İleri demokrasi ve özgürlük var
ise, iktidar ve cemaat çevresi içindir. Toplum sindirilirken, onlar özgürleşmiştir,
pervasızlaşmıştır, saldırganlaşmıştır. Kıyıda köşede gizlenerek semizleştirilen
unsurlar, Anayasa Mahkemesi üyeliğine ve Yüksek Hakim ve Savcılar kuruluna
taşınmaya başlanmıştır. Bürokrasi, AKP’nin 10 yıllık iktidar sürecinde zaten
bütünüyle ele geçirilmiştir. Son düzenlemelerle de yargı ve yargıya dair
kurumlarda da kapılar aralanınca AKP, özgürleşmiş ve kendi dışındakilere
yönelik baskı ve tehditlerinde pervasızlaşmıştır.
Korku toplumunda demokrasi olmaz.
Öncelikle bu korku cenderesi kırılmalıdır ve bu iktidardan kurtulmak üzere
harekete geçilmelidir. Kafa vurarak, duvar yıkılmaz. Çözüm ortaklığına
gidilmelidir. Tüm demokrasi güçleri, tüm muhalif güçler, AKP ve cemaat
örgütlenmesinin hızla yaygınlaşmasından kaygı duyan tüm güçler, “çözüm
ortaklığına” giderek bir eylem planı yapmalıdır. Öncelikli ve yaşamsal olan
sorunlar öne çıkartılarak birlikte hareket zemini sağlanmalı ve ortak bir
duruşta yan yana gelinmelidir. İktidarından korkan bir toplumdan daha tehlikeli
başkaca bir şey olamaz… Bu korku gelişip içselleşmeden, yapabilecekler çok daha
zorlaşmadan, bu iktidardan kurtulmaya çalışılmalıdır.
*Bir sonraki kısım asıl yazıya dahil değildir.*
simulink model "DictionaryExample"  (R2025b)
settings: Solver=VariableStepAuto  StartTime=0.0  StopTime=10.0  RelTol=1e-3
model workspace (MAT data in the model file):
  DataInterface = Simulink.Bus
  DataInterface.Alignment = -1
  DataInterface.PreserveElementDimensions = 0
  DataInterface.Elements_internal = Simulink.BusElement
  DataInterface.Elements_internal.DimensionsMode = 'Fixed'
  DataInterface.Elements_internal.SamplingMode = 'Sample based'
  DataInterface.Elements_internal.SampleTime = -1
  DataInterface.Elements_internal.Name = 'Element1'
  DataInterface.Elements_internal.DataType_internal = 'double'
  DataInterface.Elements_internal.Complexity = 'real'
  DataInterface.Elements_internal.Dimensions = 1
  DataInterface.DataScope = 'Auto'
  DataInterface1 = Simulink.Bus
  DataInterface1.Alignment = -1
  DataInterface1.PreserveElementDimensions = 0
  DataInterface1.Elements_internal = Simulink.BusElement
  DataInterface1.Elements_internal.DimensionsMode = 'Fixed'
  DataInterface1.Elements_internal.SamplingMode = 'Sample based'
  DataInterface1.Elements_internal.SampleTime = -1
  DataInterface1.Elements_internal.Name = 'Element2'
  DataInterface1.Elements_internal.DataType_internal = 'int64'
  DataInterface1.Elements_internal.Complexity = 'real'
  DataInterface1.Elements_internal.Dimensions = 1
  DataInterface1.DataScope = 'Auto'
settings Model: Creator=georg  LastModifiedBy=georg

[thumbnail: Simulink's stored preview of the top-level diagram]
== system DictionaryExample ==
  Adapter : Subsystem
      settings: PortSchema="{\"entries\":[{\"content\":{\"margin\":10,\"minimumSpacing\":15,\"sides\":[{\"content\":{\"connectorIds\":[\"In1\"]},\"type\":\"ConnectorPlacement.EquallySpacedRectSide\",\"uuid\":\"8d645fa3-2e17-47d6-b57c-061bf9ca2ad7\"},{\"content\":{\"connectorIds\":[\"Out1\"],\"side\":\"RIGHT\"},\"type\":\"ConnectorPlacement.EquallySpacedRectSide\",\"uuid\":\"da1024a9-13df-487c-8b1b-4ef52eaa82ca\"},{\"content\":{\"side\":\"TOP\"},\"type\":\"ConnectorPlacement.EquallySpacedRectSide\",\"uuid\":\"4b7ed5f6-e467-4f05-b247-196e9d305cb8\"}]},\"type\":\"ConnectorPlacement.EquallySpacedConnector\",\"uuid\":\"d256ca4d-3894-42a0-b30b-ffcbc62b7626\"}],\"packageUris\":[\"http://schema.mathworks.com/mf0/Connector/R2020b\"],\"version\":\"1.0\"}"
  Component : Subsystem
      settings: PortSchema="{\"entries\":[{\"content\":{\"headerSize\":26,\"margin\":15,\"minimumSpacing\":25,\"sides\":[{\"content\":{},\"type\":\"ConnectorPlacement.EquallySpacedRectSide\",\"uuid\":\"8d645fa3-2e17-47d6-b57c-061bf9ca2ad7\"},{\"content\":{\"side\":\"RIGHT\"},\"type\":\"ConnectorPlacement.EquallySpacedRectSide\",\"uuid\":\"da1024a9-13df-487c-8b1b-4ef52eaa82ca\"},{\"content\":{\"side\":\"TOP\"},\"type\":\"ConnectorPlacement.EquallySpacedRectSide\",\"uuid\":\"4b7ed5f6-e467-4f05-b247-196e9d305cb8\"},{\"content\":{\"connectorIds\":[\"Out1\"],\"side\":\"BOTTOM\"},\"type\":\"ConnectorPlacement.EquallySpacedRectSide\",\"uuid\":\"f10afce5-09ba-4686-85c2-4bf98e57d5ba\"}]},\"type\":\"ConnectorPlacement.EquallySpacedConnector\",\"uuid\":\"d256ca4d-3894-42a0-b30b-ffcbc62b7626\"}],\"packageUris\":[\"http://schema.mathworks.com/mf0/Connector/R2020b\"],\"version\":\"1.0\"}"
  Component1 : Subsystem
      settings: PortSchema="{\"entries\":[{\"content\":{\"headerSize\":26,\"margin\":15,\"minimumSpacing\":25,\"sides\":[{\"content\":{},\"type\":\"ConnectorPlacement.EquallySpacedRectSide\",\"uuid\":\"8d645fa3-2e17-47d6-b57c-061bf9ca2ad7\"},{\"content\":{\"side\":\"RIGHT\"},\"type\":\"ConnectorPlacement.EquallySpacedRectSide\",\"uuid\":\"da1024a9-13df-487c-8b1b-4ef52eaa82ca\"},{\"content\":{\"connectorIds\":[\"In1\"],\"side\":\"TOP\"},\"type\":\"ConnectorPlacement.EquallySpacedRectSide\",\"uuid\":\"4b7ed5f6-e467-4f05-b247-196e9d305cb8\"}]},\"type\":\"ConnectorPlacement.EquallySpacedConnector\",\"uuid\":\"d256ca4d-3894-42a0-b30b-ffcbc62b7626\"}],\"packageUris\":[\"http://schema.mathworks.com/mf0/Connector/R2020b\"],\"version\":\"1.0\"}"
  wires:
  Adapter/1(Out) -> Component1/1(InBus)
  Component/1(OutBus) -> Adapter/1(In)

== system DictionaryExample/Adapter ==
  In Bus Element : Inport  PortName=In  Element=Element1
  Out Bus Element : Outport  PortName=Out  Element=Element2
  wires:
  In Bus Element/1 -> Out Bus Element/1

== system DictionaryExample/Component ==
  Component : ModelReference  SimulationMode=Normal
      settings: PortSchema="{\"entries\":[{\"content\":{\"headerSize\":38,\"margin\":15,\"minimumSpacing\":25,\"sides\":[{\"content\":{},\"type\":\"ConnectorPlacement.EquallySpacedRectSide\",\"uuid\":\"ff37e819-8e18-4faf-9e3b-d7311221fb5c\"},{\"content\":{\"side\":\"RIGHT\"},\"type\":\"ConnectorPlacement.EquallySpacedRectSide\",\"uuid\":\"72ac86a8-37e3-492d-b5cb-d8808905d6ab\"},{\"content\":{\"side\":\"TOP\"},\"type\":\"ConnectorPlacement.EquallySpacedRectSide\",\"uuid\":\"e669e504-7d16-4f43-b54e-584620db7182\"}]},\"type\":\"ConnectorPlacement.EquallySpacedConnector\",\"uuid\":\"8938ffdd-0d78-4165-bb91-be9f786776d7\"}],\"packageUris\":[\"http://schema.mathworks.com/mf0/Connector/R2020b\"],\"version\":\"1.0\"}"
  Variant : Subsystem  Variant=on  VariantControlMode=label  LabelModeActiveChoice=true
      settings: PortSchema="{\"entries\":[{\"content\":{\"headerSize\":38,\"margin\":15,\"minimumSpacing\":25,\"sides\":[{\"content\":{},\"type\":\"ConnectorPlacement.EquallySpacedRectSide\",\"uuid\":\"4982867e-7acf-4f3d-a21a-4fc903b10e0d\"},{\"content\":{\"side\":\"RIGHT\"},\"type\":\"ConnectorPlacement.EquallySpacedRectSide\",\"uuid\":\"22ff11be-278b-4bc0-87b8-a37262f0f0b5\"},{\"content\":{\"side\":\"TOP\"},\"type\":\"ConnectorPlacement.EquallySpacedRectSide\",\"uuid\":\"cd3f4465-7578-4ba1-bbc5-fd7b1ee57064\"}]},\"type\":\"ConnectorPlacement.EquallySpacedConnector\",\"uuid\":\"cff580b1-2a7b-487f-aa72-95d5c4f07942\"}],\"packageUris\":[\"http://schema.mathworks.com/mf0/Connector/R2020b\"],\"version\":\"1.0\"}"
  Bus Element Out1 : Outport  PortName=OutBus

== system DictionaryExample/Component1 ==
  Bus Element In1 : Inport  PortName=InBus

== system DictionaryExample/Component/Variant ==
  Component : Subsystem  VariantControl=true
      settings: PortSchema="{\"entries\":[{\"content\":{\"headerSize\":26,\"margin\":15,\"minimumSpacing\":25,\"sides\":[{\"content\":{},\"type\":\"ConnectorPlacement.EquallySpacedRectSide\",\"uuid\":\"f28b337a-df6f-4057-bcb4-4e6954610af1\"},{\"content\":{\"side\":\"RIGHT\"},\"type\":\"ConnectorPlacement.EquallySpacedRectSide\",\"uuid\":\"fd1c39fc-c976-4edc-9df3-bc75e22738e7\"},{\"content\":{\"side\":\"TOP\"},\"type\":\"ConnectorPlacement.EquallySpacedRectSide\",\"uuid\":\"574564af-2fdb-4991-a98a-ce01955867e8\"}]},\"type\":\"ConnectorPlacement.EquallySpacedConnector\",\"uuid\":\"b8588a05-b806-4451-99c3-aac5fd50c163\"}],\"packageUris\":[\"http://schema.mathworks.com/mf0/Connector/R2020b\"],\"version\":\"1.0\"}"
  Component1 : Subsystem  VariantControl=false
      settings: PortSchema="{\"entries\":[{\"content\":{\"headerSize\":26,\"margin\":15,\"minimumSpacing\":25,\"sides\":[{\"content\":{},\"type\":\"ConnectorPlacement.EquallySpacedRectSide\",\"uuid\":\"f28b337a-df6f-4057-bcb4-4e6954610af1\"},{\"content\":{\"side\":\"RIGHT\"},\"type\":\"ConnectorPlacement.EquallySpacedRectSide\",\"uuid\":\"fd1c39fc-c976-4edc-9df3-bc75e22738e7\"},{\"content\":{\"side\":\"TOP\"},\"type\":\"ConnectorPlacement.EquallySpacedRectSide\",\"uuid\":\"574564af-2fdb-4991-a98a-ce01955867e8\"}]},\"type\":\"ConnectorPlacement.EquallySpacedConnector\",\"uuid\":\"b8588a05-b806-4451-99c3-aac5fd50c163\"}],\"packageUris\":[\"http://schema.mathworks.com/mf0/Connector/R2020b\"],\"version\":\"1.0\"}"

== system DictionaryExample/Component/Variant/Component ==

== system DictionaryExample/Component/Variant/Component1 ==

Gerçek bir demokrasiden ve
özgürlüklerden yana olan sol ve sosyal demokrat, ilerici ve aydınlar, kendi
önceliklerini Ülkenin öncelikleri karşısında yeniden biçimlendirerek bu sürece
girmelidir. Bu korku kıskacı, bu cendere aralanmalı ve demokratik zemin
güçlendirilerek, özgürlükler alanında bir kazanıma gidilmelidir.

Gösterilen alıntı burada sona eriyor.